Department of Pharmacology, College of Pharmacy, Chongqing Medical University, No. 1 Yixueyuan Road, Yuzhong District, Chongqing, 400016, People's Republic of China.
Chongqing Key Laboratory for Biochemistry and Molecular Pharmacology, Chongqing, 400016, People's Republic of China.
Tissue Eng Regen Med. 2023 Aug;20(5):705-723. doi: 10.1007/s13770-023-00526-z. Epub 2023 Apr 3.
All-trans retinoic acid (ATRA) promotes the osteogenic differentiation induced by bone morphogenetic protein 9 (BMP9), but the intrinsic relationship between BMP9 and ATRA keeps unknown. Herein, we investigated the effect of Cyp26b1, a critical enzyme of ATRA degradation, on the BMP9-induced osteogenic differentiation in mesenchymal stem cells (MSCs), and unveiled possible mechanism through which BMP9 regulates the expression of Cyp26b1.
ATRA content was detected with ELISA and HPLC-MS/MS. PCR, Western blot, and histochemical staining were used to assay the osteogenic markers. Fetal limbs culture, cranial defect repair model, and micro-computed tomographic were used to evaluate the quality of bone formation. IP and ChIP assay were used to explore possible mechanism.
We found that the protein level of Cyp26b1 was increased with age, whereas the ATRA content decreased. The osteogenic markers induced by BMP9 were increased by inhibiting or silencing Cyp26b1 but reduced by exogenous Cyp26b1. The BMP9-induced bone formation was enhanced by inhibiting Cyp26b1. The cranial defect repair was promoted by BMP9, which was strengthened by silencing Cyp26b1 and reduced by exogenous Cyp26b1. Mechanically, Cyp26b1 was reduced by BMP9, which was enhanced by activating Wnt/β-catenin, and reduced by inhibiting this pathway. β-catenin interacts with Smad1/5/9, and both were recruited at the promoter of Cyp26b1.
Our findings suggested the BMP9-induced osteoblastic differentiation was mediated by activating retinoic acid signalling, viadown-regulating Cyp26b1. Meanwhile, Cyp26b1 may be a novel potential therapeutic target for the treatment of bone-related diseases or accelerating bone-tissue engineering.
全反式维甲酸(ATRA)促进骨形态发生蛋白 9(BMP9)诱导的成骨分化,但 BMP9 与 ATRA 之间的内在关系尚不清楚。在此,我们研究了关键 ATRA 降解酶 Cyp26b1 对间充质干细胞(MSCs)中 BMP9 诱导的成骨分化的影响,并揭示了 BMP9 调节 Cyp26b1 表达的可能机制。
采用 ELISA 和 HPLC-MS/MS 检测 ATRA 含量。采用 PCR、Western blot 和组织化学染色检测成骨标志物。胎肢培养、颅缺损修复模型和微计算机断层扫描用于评估骨形成质量。采用 IP 和 ChIP assay 探索可能的机制。
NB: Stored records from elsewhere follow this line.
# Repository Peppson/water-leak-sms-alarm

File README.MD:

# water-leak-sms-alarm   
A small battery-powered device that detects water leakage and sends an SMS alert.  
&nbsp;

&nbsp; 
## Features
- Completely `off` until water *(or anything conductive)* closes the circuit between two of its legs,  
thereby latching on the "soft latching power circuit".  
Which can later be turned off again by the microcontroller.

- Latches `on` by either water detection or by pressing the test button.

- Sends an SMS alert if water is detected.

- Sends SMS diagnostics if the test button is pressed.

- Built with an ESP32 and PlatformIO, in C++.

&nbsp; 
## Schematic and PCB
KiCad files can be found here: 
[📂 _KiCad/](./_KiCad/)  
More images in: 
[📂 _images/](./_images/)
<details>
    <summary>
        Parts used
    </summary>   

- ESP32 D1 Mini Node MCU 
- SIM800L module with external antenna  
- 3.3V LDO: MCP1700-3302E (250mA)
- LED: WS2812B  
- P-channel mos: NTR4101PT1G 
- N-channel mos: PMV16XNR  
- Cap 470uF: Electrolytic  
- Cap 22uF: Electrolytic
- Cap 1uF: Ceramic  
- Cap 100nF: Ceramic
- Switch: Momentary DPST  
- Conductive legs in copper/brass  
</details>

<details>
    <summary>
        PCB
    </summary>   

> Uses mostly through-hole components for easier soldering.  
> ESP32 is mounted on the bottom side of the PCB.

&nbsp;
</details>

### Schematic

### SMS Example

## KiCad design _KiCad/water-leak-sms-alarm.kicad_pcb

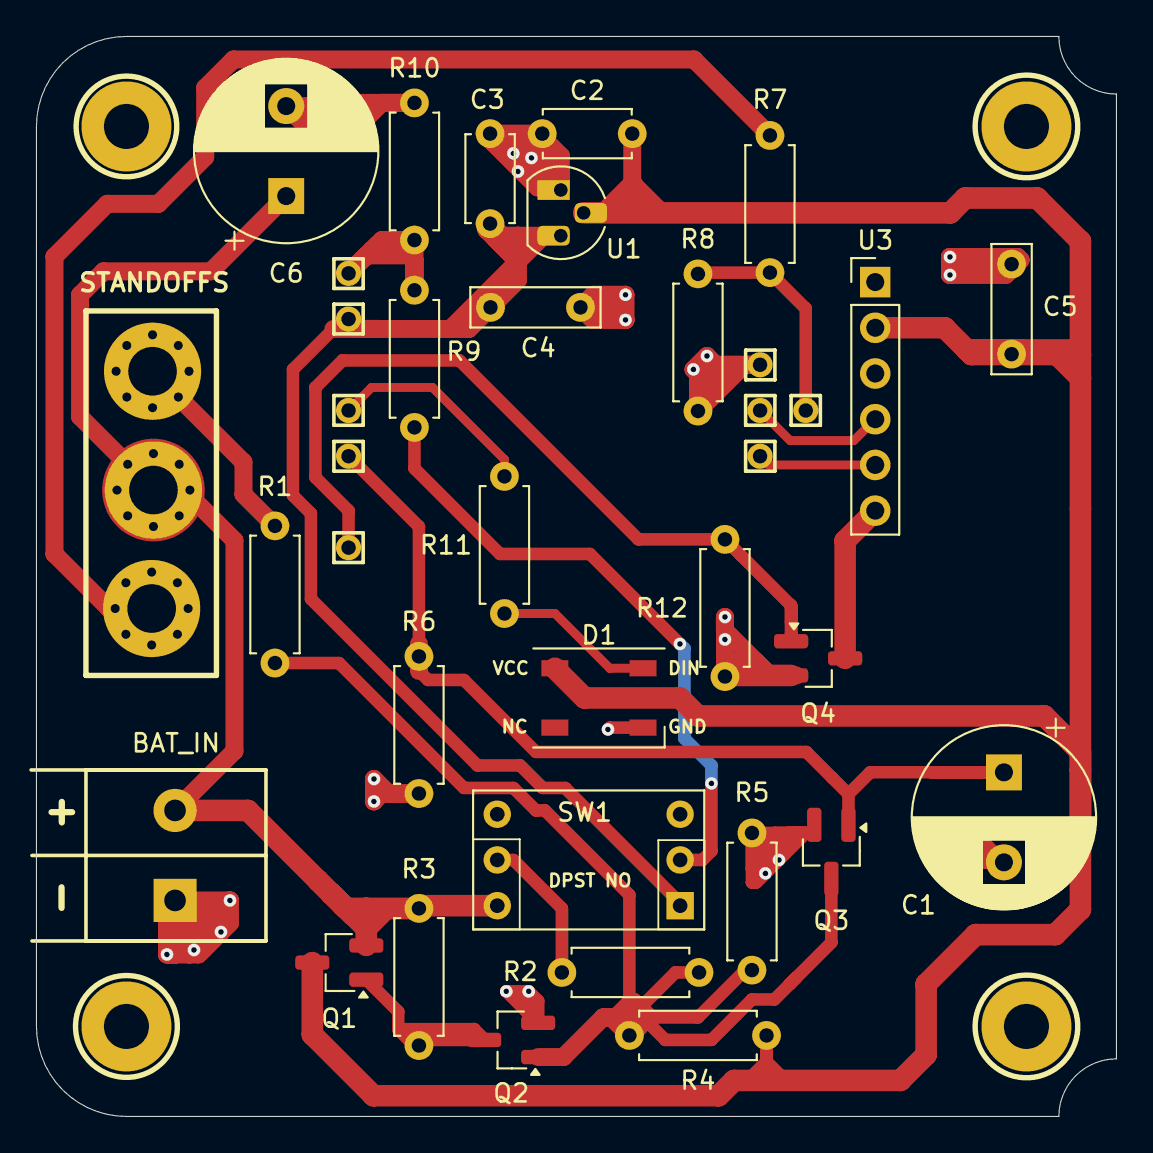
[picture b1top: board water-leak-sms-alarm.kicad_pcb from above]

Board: 2 copper layers, 60.0 x 60.0 mm, 35 parts (1 on the bottom side), 19 nets.

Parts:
BAT_IN: Screw_Terminal_01x02; TerminalBlock_Philmore_TB132_1x02_P5.00mm_Horizontal
C1: 470uF; CP_Radial_D10.0mm_P5.00mm
C2, C3: 1uF; C_Disc_D4.7mm_W2.5mm_P5.00mm
C4, C5: C_Rect_L7.0mm_W2.0mm_P5.00mm
C6: 470; CP_Radial_D10.0mm_P5.00mm
D1: WS2812B; LED_WS2812B_PLCC4_5.0x5.0mm_P3.2mm
H1, H2, H3, H4: MountingHole; MountingHole_2.5mm_Pad
Q1: NTR4101PT1G; SOT-23_Handsoldering
Q2, Q3, Q4: PMV16XNR; SOT-23_Handsoldering
R1, R2, R7: 330; R_Axial_DIN0207_L6.3mm_D2.5mm_P7.62mm_Horizontal
R3, R4, R6: 100K; R_Axial_DIN0207_L6.3mm_D2.5mm_P7.62mm_Horizontal
R5: 300K; R_Axial_DIN0207_L6.3mm_D2.5mm_P7.62mm_Horizontal
R8: 680; R_Axial_DIN0207_L6.3mm_D2.5mm_P7.62mm_Horizontal
R9: 150; R_Axial_DIN0207_L6.3mm_D2.5mm_P7.62mm_Horizontal
R10, R12: 10K; R_Axial_DIN0207_L6.3mm_D2.5mm_P7.62mm_Horizontal
R11: 270; R_Axial_DIN0207_L6.3mm_D2.5mm_P7.62mm_Horizontal
S1: CUNDUCTIVE_LEGS (legs 0, 1); MountingHole_2.7mm_M2.5_Pad_Via
S2: CUNDUCTIVE STANDOFFS (legs 1, 2); MountingHole_2.7mm_M2.5_Pad_Via
S3: CUNDUCTIVE_LEG (leg 2); MountingHole_2.7mm_M2.5_Pad_Via
SW1: TEST; SW_NKK_G1xJP
U1: MCP1700x-120xxTO; TO-92_HandSolder
U2: mini_esp32; esp32-wemos-d1-mini
U3: SIM800L-CORE; PinHeader_1x06_P2.54mm_Vertical

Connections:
+3.3V: C3.1, C4.2, SW1.1, U1.3 (VO), U2.16 (3V3)
CIRCUIT_POWER_SWITCH: C1.1, Q3.1 (D), R6.2, U2.10 (IO_19/D6)
GND: BAT_IN.1, C1.2, C2.2, C3.2, C4.1, C5.1, C6.2, D1.3 (GND), Q2.2 (G), Q3.2 (G), Q4.2 (G), R5.1, R6.1, R8.1, R10.1, R12.1, U1.1 (GND), U2.33 (GND)
unnamed: D1.4 (DIN), R11.2
unnamed: BAT_IN.2, C6.1, Q1.2 (G), R3.2, S1.1, SW1.3
unnamed: Q1.1 (D), Q2.3 (S), R3.1
unnamed: Q2.1 (D), Q3.3 (S), R1.1, R2.1, R4.1, R5.2
unnamed: Q4.3 (S), U3.6 (GND)
unnamed: R1.2, S2.1
unnamed: R2.2, SW1.4
unnamed: R7.2, S3.1
unnamed: R7.1, R8.2, U2.32 (IO_04)
unnamed: R9.2, R10.2, U2.18 (IO_13/TCK)
unnamed: R11.1, U2.12 (IO_23/D7)
SERIAL_RX: U2.29 (IO_17/D3), U3.5 (TXD)
SERIAL_TX: U2.31 (IO_16/D4), U3.4 (RXD)
SIM800L_POWER_SWITCH: Q4.1 (D), R12.2, U2.6 (IO_26/D0)
TEST_BUTTON: R9.1, SW1.2
VCC_4.5V: C2.1, C5.2, D1.1 (VCC), Q1.3 (S), R4.2, U1.2 (VI), U3.2 (VCC)

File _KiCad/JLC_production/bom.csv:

Designator,Footprint,Quantity,Value,LCSC Part #
BAT_IN,TerminalBlock_Philmore_TB132_1x02_P5.00mm_Horizontal,1,Screw_Terminal_01x02,
"C1, C5",CP_Radial_D10.0mm_P5.00mm,2,470uF,
"C2, C3",C_Disc_D4.7mm_W2.5mm_P5.00mm,2,1uF,
C4,CP_Radial_D10.0mm_P5.00mm,1,470,
C6,C_Rect_L7.0mm_W2.0mm_P5.00mm,1,C_Rect_L7.0mm_W2.0mm_P5.00mm,
D1,LED_WS2812B_PLCC4_5.0x5.0mm_P3.2mm,1,WS2812B,
Q1,SOT-23_Handsoldering,1,NTR4101PT1G ,
"Q2, Q3, Q4",SOT-23_Handsoldering,3,PMV16XNR ,
"R1, R2, R7",R_Axial_DIN0207_L6.3mm_D2.5mm_P7.62mm_Horizontal,3,330,
"R10, R12",R_Axial_DIN0207_L6.3mm_D2.5mm_P7.62mm_Horizontal,2,10K,
R11,R_Axial_DIN0207_L6.3mm_D2.5mm_P7.62mm_Horizontal,1,270,
"R3, R4, R6",R_Axial_DIN0207_L6.3mm_D2.5mm_P7.62mm_Horizontal,3,100K,
R5,R_Axial_DIN0207_L6.3mm_D2.5mm_P7.62mm_Horizontal,1,300K,
R8,R_Axial_DIN0207_L6.3mm_D2.5mm_P7.62mm_Horizontal,1,680,
R9,R_Axial_DIN0207_L6.3mm_D2.5mm_P7.62mm_Horizontal,1,150,
S1,MountingHole_2.7mm_M2.5_Pad_Via,1,"CUNDUCTIVE_LEGS (legs 0, 1)",
S2,MountingHole_2.7mm_M2.5_Pad_Via,1,"CUNDUCTIVE STANDOFFS (legs 1, 2)",
S3,MountingHole_2.7mm_M2.5_Pad_Via,1,CUNDUCTIVE_LEG (leg 2),
SW1,SW_NKK_G1xJP,1,TEST,
U1,TO-92_HandSolder,1,MCP1700x-120xxTO,
U2,esp32-wemos-d1-mini,1,mini_esp32,
U3,PinHeader_1x06_P2.54mm_Vertical,1,SIM800L-CORE,

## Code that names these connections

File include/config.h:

#pragma once
#include <Arduino.h>
#include <stdbool.h>
#include <stdexcept>
#include <stdio.h>
#include <string>
#include <EEPROM.h>


// Dev
#define SEND_SMS_ENABLED 1                                          // SMS toggle 
#define USB_SERIAL_ENABLED 0                                        // USB serial connection toggle
#define DEBUG_LOOP_ENABLED 0                                        // Enter debug loop
#define DEBUG_LOOP_PING 0                                           // Serial print (".") while in debug_loop, sometimes helps with connection     
#define RESET_ALL 0                                                 // Resets all counters and await new code upload   

// Setup
constexpr const char* SMS_ALERT_ROW_0 = "WARNING!";                 // Alert sms first row
constexpr const char* SMS_ALERT_ROW_1 = "Water leak detected!";     // Alert sms second row
constexpr const char* SMS_DIAGNOSTIC_ROW_0 = "Status!";             // Diagnostic sms first row
constexpr uint32_t CONNECTION_TIMEOUT = 45*1000;                    // Wait for GSM network connection (mS)
constexpr uint32_t DEEPSLEEP_DURATION_LONG = 2*60*60;               // Deepsleep after waterleak is detected (S)
constexpr uint32_t DEEPSLEEP_DURATION_SHORT = 10;                   // Deepsleep after false positive (S)
constexpr uint16_t SERIAL_RESPONSE_TIMEOUT = 75;                    // Wait for serial response from SIM800L (mS)
constexpr uint16_t MAX_SMS_UNTILL_EMPTY_SIMCARD = 50;               // How many sms can we send in total? (money/sms cost)
constexpr uint64_t DEEPSLEEP_uS_TO_S_FACTOR = 1000000;              // Factor

// Physical I/O
#define PIN_CIRCUIT_POWER_SWITCH 19                                 // Pull HIGH to turn off ALL power (latching circuit)
#define PIN_SIM800L_POWER_SWITCH 26                                 // Turn on/off power to the SIM800L module 
#define PIN_TEST_BUTTON 13                                          // Input push button
#define PIN_WATERLEAK_DETECT 4                                      // Input (third conductive leg) to detect water leakage
#define PIN_LED 23                                                  // Datapin WS2812B led (SPI MOSI)
#define PIN_SIM800L_RX 17                                           // ESP32 hardware serial 2 RX
#define PIN_SIM800L_TX 16                                           // ESP32 hardware serial 2 TX

// Print toggle
#if USB_SERIAL_ENABLED
    #define log(...) Serial.printf(__VA_ARGS__)
    #define STOP log("\n-----  Stop right there criminal scum!  ----- \n"); while (1) { delay(1); }
#else
    #define log(...)
    #define STOP
#endif

// Enums
enum class SMSType : uint8_t {
    Alert,
    Diagnostic,
    None
};

enum class Color : uint8_t {
    Orange,
    Green,
    Blue,
    Red,
    Off
};

enum MemAddr : int {
    BootCount,
    SmsSent,
    NumOfMemAddr  // Num of items. Well, it only grew to two
};

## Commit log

2024-04-30 public

我们发现 Cyp26b1 蛋白水平随年龄增加而升高,而 ATRA 含量降低。BMP9 抑制或沉默 Cyp26b1 可增加成骨标志物的诱导,而外源性 Cyp26b1 则减少。抑制 Cyp26b1 可增强 BMP9 诱导的骨形成。BMP9 促进颅缺损修复,抑制 Cyp26b1 可增强该作用,外源性 Cyp26b1 则减弱该作用。机制上,BMP9 降低 Cyp26b1,激活 Wnt/β-catenin 可增强该作用,抑制该通路则降低 Cyp26b1。β-catenin 与 Smad1/5/9 相互作用,两者均募集于 Cyp26b1 启动子。
我们的研究结果表明,BMP9 诱导的成骨分化是通过激活维甲酸信号通路,下调 Cyp26b1 来介导的。同时,Cyp26b1 可能是治疗骨相关疾病或加速骨组织工程的一种新的潜在治疗靶点。